Under Select Scenes Pre-Vis, we find eight clips that fill a total of 13 minutes, 53 seconds. These use a split-screen format to compare final film footage to rough animation and rehearsal shots used to plan sequences. It becomes a fun way to see the material.

Two Music Videos appear, as we get clips for “Venom” by Eminem and “Sunflower” by Post Malone and Swae Lee. The former treats Eminem like a symbiote, so we see a succession of characters rap. It’s a pretty clever concept, even if its visual effects look awful.

“Sunflower” promotes Into the Spider-Verse, and it consists of footage from that movie. It’s a dull video.

We also find a Sneak Peek for Spider-Man: Into the Spider-Verse. This simply offers a three-minute, 34-second scene from the movie.
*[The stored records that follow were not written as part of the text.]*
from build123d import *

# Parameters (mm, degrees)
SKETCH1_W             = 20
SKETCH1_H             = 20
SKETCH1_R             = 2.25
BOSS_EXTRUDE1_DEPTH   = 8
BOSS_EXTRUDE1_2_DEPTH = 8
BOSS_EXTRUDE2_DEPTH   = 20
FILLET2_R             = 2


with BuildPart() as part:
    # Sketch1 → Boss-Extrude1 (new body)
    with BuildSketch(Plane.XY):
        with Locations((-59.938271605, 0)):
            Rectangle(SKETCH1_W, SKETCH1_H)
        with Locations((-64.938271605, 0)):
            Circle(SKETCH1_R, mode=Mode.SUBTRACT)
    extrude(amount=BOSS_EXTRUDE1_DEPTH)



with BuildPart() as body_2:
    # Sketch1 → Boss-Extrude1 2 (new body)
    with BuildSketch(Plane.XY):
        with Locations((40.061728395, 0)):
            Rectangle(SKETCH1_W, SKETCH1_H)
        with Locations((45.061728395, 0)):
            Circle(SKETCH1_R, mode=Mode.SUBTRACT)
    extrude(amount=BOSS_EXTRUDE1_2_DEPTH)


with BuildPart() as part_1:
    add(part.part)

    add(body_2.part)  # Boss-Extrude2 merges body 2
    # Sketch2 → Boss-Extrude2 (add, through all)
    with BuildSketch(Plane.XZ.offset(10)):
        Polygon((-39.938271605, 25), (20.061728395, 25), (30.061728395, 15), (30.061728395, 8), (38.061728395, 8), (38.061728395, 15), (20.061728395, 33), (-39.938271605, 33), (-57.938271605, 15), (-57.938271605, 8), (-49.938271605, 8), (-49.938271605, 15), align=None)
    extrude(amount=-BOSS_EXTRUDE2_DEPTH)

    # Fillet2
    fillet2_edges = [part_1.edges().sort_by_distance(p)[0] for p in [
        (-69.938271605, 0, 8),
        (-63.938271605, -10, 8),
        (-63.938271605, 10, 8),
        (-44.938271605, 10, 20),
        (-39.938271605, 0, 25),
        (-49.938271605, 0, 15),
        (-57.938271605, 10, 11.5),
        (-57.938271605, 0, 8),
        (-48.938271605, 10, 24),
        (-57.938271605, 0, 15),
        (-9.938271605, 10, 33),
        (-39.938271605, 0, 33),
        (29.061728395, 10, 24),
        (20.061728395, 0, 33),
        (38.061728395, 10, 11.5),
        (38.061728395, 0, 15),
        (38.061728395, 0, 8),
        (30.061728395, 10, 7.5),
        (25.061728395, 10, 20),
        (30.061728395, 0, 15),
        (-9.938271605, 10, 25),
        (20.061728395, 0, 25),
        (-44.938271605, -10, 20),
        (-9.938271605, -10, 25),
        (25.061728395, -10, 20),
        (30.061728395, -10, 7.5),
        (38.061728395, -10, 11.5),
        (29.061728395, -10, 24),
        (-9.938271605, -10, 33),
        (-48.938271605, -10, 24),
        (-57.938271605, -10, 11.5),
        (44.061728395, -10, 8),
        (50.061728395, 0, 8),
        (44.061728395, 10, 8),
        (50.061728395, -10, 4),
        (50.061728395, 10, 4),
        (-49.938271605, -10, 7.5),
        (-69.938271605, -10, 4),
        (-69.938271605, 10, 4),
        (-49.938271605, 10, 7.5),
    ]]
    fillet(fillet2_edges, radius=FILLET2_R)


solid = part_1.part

Since Spider-Verse is already on screens, it doesn’t seem very useful – and it’s the same sequence that already shows up at the end of Venom.

The disc opens with ads for Alpha, Spider-Man: Into the Spider-Verse, The Girl in the Spider’s Web, The Front Runner and Searching. No trailer for Venom appears here.

As a comic book origin story, Venom provides a competent adventure. While it never excels, it creates a fairly entertaining package. The Blu-ray brings generally good picture as well as excellent audio and a decent selection of supplements. Though not a great action flick, Venom remains watchable.